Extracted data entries
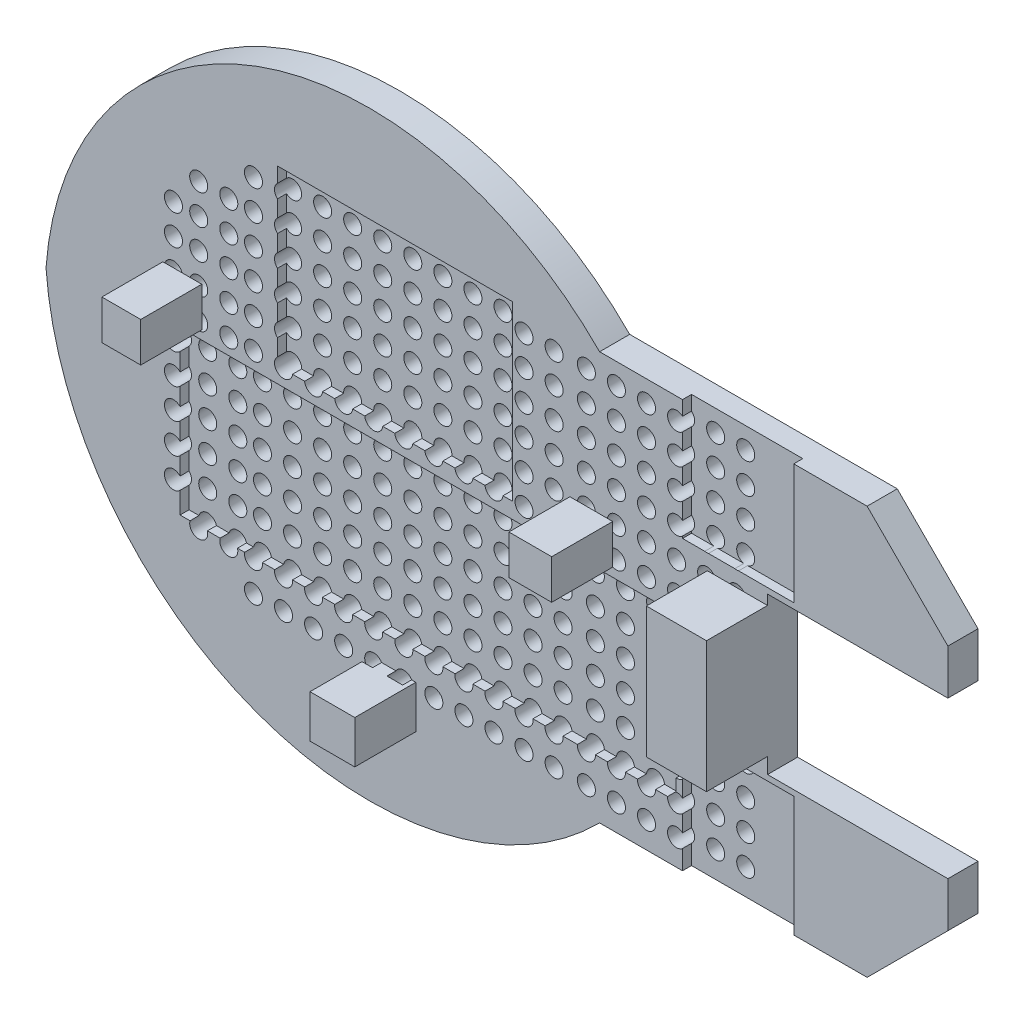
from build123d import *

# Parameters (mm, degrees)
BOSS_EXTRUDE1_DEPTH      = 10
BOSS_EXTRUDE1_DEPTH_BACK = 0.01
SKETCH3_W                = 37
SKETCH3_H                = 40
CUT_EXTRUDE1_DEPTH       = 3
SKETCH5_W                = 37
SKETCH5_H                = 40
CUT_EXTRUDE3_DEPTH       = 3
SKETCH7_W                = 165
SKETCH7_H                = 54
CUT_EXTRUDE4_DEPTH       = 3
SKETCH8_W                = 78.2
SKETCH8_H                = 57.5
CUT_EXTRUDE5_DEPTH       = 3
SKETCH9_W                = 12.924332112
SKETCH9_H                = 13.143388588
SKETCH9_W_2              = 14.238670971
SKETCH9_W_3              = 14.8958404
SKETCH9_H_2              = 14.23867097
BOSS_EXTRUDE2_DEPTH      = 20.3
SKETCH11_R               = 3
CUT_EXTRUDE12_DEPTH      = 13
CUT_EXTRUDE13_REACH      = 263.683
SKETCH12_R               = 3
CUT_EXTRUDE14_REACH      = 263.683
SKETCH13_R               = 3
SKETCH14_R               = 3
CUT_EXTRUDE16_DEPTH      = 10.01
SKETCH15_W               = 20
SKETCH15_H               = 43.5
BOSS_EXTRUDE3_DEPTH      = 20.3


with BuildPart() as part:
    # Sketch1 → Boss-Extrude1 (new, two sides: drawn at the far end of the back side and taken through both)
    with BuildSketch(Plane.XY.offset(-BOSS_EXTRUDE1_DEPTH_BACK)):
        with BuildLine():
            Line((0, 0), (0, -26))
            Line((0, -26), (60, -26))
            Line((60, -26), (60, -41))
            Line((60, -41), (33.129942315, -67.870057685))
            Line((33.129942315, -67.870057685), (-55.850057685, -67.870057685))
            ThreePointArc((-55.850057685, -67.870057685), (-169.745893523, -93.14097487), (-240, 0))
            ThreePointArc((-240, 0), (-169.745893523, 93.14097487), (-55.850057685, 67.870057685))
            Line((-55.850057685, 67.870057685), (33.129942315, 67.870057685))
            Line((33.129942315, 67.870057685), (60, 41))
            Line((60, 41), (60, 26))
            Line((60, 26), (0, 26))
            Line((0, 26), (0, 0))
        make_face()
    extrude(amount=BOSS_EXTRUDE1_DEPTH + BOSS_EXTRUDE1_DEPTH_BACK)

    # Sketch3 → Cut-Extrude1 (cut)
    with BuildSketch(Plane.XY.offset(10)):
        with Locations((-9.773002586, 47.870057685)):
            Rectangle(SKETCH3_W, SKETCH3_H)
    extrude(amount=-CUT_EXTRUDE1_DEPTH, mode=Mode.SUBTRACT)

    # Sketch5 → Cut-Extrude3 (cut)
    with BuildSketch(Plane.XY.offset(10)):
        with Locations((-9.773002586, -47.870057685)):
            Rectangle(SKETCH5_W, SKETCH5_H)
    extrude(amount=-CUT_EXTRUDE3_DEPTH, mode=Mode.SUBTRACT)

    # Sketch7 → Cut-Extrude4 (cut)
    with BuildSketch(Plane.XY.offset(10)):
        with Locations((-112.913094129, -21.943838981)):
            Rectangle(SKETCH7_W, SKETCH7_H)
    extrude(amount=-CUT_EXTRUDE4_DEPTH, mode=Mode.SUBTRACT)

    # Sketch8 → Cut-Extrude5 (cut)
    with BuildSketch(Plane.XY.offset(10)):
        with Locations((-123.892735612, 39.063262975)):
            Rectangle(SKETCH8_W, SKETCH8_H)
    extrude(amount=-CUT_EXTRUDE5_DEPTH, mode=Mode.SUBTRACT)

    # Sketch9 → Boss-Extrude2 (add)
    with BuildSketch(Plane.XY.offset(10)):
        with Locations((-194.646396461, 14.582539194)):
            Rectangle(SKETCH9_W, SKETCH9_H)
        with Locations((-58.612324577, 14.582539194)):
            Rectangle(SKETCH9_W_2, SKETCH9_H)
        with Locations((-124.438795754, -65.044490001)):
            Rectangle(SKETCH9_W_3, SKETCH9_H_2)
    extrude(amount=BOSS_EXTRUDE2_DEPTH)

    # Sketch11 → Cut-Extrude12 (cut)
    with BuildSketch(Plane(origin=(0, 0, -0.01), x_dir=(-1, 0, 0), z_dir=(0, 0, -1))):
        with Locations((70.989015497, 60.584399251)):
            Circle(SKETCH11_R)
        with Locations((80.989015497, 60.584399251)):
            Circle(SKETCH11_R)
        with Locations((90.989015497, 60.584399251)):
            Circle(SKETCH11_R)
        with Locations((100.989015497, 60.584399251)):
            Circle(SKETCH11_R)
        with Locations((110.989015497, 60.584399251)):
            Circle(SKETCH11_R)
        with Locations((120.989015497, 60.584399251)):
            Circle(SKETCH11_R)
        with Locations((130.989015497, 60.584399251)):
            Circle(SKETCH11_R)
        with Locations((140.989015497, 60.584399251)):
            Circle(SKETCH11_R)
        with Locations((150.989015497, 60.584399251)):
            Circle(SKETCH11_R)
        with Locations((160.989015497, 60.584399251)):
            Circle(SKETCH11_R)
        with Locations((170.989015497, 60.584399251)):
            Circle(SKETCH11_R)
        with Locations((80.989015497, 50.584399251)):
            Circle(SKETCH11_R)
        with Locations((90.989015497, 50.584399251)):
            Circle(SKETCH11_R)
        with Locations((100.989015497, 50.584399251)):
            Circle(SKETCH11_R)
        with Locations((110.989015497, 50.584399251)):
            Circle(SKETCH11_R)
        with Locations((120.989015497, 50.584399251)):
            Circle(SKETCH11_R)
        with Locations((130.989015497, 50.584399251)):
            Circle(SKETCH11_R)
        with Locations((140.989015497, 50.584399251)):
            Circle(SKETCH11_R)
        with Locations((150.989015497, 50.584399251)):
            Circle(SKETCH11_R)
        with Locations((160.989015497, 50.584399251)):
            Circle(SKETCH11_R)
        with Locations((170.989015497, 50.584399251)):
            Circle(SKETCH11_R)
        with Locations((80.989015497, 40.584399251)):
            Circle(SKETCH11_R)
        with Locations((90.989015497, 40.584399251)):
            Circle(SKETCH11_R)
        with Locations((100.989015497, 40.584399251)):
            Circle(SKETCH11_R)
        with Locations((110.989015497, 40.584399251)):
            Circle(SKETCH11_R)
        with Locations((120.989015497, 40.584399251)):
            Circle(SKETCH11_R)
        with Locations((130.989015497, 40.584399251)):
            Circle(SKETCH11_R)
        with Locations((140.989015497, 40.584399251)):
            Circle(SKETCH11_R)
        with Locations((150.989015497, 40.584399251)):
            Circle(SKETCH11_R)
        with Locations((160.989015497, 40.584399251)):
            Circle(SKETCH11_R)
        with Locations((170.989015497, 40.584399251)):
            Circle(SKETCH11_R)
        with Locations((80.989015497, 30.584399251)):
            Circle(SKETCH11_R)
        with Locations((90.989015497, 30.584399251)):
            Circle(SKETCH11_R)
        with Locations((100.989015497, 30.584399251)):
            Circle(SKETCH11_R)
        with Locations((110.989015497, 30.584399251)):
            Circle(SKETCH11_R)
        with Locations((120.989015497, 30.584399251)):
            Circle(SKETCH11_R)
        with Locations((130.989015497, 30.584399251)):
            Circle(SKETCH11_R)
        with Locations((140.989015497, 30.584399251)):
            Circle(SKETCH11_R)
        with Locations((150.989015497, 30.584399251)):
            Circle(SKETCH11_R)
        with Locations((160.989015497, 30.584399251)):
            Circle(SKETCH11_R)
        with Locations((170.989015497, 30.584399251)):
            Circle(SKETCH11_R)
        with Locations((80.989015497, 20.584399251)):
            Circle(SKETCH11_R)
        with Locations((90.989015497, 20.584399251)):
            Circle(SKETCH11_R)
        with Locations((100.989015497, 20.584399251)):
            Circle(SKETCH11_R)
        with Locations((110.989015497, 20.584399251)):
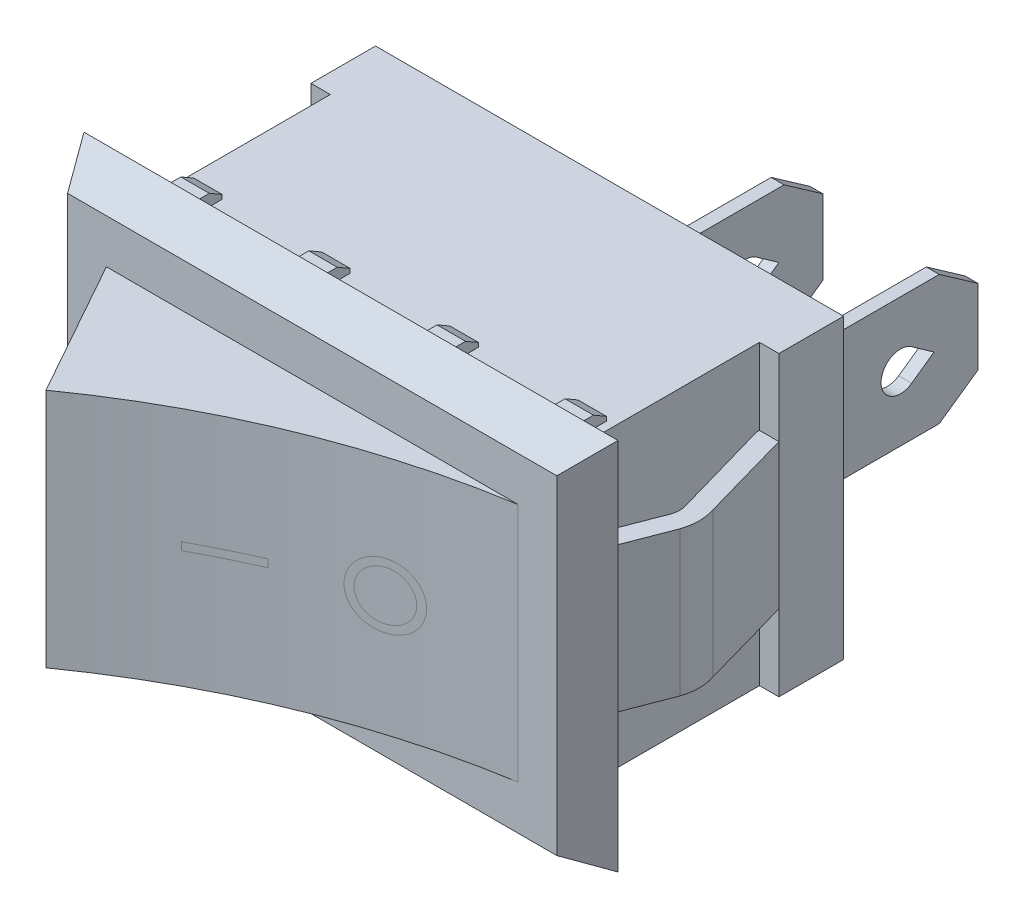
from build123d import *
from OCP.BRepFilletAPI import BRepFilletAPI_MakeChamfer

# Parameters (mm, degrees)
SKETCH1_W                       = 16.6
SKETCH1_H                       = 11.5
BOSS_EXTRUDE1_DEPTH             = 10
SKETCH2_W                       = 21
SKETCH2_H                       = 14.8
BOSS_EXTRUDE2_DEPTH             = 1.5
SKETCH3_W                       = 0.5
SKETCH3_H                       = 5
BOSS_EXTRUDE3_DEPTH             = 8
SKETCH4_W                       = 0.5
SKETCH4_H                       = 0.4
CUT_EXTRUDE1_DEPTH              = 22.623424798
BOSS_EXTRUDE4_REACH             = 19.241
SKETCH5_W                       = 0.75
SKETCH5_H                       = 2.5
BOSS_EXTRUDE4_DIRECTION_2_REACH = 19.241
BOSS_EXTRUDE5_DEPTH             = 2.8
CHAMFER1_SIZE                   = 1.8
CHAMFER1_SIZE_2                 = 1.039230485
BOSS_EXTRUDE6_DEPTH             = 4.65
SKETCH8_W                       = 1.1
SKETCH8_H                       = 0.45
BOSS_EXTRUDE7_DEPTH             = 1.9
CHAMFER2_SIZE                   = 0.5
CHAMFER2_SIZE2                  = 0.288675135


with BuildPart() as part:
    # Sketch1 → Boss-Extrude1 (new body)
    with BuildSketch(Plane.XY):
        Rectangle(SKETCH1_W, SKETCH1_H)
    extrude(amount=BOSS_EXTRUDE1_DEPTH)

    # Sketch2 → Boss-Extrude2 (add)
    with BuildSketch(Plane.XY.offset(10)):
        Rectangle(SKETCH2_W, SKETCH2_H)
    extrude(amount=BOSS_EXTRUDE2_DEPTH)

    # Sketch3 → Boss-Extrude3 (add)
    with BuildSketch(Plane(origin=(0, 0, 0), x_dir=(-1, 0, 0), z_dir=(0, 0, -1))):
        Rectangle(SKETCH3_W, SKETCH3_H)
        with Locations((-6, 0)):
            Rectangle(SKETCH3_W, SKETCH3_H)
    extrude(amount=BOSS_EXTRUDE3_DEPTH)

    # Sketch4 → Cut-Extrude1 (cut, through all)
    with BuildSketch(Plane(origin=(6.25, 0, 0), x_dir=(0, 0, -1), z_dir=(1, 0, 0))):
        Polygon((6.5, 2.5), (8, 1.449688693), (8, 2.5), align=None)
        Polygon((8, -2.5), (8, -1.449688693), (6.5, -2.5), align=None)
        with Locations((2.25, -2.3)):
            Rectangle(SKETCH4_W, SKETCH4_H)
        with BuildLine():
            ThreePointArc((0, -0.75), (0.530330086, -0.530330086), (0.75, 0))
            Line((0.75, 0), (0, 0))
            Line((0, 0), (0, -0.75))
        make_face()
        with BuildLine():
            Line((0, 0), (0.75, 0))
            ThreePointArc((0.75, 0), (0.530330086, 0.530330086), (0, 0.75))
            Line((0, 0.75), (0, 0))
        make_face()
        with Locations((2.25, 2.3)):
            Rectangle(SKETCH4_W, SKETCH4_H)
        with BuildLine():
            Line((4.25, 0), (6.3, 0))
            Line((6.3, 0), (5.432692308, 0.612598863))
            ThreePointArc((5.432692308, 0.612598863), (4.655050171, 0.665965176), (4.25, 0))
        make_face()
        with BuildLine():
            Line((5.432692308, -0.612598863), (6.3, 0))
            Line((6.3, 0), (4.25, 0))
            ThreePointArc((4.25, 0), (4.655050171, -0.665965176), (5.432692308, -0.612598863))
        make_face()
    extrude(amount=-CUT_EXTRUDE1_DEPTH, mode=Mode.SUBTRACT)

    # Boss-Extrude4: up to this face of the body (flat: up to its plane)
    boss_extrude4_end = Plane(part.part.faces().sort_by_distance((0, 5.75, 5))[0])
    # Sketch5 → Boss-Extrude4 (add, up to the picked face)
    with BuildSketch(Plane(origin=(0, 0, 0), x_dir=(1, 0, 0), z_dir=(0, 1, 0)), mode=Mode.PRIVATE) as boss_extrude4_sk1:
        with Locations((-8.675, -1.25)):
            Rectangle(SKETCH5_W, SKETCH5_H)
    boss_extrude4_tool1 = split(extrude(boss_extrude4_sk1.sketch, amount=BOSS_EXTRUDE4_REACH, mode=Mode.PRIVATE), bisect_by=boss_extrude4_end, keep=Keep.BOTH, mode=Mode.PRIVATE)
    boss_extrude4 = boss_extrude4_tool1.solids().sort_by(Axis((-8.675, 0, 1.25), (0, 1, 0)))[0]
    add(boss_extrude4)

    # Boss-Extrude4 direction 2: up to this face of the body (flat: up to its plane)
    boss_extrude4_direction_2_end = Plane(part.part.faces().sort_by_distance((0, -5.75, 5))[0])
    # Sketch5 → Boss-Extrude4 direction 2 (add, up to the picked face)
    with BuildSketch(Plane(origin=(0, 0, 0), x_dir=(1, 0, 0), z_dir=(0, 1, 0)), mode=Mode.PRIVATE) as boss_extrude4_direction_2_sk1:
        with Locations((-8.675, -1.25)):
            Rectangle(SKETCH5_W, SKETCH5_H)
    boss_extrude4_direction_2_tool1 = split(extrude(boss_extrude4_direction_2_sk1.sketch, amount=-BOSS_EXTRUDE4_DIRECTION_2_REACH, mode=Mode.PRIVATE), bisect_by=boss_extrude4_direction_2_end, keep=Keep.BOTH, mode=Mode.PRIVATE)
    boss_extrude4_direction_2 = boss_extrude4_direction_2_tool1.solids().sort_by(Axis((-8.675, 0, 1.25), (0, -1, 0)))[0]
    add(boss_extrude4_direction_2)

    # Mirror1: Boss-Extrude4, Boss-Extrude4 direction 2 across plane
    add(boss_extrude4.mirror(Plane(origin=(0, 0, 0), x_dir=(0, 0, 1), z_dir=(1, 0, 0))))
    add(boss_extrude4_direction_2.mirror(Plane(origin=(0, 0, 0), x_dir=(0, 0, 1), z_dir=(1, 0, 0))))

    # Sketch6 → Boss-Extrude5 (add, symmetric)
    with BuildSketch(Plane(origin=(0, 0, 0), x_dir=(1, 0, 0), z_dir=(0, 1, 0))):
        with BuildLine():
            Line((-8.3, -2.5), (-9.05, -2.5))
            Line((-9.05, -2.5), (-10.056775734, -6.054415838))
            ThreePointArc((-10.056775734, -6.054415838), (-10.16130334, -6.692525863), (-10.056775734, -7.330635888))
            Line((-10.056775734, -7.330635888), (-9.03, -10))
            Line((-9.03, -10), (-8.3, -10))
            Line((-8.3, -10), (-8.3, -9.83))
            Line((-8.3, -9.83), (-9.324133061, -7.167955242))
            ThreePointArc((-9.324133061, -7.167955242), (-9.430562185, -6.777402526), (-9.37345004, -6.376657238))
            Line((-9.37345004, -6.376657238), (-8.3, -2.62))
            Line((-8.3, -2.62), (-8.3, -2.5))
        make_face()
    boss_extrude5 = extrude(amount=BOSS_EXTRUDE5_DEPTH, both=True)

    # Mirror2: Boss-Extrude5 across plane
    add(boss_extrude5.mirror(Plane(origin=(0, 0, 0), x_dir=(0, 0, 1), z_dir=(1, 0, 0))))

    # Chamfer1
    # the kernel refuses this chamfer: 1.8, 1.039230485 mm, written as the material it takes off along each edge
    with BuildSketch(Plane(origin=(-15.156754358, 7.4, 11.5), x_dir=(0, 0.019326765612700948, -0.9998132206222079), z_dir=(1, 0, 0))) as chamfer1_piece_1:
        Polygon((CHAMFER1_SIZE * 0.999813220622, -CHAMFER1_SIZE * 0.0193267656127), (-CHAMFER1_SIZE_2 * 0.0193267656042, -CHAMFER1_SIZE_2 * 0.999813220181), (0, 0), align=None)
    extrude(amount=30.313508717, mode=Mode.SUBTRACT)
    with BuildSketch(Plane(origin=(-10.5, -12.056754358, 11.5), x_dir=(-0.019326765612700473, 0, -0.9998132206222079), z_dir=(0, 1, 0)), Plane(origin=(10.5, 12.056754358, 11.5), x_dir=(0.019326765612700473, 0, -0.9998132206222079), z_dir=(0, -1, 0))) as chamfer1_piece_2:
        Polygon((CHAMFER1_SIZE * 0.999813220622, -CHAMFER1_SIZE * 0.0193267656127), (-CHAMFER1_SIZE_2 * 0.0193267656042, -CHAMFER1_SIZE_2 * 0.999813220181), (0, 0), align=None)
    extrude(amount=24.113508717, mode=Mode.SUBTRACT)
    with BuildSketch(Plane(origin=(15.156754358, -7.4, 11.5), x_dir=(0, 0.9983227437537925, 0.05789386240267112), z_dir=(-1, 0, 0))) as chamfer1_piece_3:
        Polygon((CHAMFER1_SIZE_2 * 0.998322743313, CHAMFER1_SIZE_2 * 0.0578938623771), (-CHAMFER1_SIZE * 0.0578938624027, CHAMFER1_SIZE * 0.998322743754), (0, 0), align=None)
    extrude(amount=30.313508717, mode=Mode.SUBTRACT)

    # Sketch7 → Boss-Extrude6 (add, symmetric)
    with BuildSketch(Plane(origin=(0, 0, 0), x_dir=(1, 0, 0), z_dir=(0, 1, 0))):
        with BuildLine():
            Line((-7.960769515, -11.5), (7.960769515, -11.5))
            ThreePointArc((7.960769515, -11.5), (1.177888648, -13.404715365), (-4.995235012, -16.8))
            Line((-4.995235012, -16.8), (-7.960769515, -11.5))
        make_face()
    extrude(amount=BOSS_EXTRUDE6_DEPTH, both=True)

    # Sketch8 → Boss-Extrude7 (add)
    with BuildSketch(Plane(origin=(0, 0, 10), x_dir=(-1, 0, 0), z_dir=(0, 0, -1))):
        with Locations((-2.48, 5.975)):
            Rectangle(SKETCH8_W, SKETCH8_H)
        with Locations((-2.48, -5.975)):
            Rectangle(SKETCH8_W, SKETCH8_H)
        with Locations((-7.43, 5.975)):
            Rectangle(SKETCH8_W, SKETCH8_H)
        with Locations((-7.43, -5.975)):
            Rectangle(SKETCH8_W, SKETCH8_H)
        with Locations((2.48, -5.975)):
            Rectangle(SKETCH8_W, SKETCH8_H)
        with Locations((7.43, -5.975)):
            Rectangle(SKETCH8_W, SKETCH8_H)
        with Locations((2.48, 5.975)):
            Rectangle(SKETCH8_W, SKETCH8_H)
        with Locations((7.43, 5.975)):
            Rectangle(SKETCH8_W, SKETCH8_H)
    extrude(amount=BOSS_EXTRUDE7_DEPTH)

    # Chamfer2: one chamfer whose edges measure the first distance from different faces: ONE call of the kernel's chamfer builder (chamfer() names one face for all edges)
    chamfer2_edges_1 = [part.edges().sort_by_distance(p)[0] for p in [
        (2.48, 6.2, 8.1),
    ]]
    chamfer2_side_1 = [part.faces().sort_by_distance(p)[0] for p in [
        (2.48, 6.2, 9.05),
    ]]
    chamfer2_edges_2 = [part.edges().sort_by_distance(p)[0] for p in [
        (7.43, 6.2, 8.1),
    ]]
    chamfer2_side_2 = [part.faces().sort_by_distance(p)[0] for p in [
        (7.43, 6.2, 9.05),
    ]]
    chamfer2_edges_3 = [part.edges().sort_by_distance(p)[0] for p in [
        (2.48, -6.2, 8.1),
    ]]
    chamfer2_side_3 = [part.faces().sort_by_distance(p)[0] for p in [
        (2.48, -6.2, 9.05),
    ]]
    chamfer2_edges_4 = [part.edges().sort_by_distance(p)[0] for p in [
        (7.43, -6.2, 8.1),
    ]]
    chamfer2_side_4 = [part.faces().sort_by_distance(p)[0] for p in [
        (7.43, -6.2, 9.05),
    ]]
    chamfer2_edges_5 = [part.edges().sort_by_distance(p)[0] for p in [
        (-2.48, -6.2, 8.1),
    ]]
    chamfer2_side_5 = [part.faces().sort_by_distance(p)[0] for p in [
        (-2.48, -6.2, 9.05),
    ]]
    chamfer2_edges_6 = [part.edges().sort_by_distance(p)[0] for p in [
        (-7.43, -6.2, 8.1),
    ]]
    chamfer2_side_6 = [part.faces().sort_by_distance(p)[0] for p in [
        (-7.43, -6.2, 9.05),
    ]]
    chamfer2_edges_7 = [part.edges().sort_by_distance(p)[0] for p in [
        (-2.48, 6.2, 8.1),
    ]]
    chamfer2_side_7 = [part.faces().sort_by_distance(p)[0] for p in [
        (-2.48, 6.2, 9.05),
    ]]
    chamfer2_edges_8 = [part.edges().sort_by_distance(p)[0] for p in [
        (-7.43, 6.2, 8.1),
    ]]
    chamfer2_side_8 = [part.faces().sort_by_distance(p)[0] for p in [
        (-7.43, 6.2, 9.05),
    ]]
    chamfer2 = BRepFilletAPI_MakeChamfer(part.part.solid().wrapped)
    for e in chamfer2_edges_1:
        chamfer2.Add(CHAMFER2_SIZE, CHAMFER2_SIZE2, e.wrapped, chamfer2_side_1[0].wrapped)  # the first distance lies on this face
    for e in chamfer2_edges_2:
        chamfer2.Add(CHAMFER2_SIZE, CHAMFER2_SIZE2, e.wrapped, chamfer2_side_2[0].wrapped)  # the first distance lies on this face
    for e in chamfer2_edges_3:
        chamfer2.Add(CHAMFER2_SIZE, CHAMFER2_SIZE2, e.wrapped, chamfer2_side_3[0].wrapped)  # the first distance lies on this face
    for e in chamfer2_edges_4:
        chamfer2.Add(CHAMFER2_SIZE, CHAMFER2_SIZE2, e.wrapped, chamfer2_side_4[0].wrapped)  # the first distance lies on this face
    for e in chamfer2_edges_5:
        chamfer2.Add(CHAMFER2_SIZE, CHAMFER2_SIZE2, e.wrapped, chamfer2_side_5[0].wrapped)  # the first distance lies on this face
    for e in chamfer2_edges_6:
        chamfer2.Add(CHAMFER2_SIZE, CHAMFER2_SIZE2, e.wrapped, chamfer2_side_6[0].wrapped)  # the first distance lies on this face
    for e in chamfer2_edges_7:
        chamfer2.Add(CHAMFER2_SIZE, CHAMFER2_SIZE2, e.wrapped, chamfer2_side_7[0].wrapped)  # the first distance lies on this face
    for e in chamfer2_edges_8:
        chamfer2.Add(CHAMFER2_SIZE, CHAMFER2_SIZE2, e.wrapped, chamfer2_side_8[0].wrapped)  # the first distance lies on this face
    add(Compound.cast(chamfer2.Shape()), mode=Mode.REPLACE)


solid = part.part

> **WORK INSTRUCTION**
Leaving out every picture, repeat exactly the lines of the records from the start through the line that has "Line((0, -26), (60, -26))".

> **OUTPUT OF THE TASK**
from build123d import *

# Parameters (mm, degrees)
BOSS_EXTRUDE1_DEPTH      = 10
BOSS_EXTRUDE1_DEPTH_BACK = 0.01
SKETCH3_W                = 37
SKETCH3_H                = 40
CUT_EXTRUDE1_DEPTH       = 3
SKETCH5_W                = 37
SKETCH5_H                = 40
CUT_EXTRUDE3_DEPTH       = 3
SKETCH7_W                = 165
SKETCH7_H                = 54
CUT_EXTRUDE4_DEPTH       = 3
SKETCH8_W                = 78.2
SKETCH8_H                = 57.5
CUT_EXTRUDE5_DEPTH       = 3
SKETCH9_W                = 12.924332112
SKETCH9_H                = 13.143388588
SKETCH9_W_2              = 14.238670971
SKETCH9_W_3              = 14.8958404
SKETCH9_H_2              = 14.23867097
BOSS_EXTRUDE2_DEPTH      = 20.3
SKETCH11_R               = 3
CUT_EXTRUDE12_DEPTH      = 13
CUT_EXTRUDE13_REACH      = 263.683
SKETCH12_R               = 3
CUT_EXTRUDE14_REACH      = 263.683
SKETCH13_R               = 3
SKETCH14_R               = 3
CUT_EXTRUDE16_DEPTH      = 10.01
SKETCH15_W               = 20
SKETCH15_H               = 43.5
BOSS_EXTRUDE3_DEPTH      = 20.3


with BuildPart() as part:
    # Sketch1 → Boss-Extrude1 (new, two sides: drawn at the far end of the back side and taken through both)
    with BuildSketch(Plane.XY.offset(-BOSS_EXTRUDE1_DEPTH_BACK)):
        with BuildLine():
            Line((0, 0), (0, -26))
            Line((0, -26), (60, -26))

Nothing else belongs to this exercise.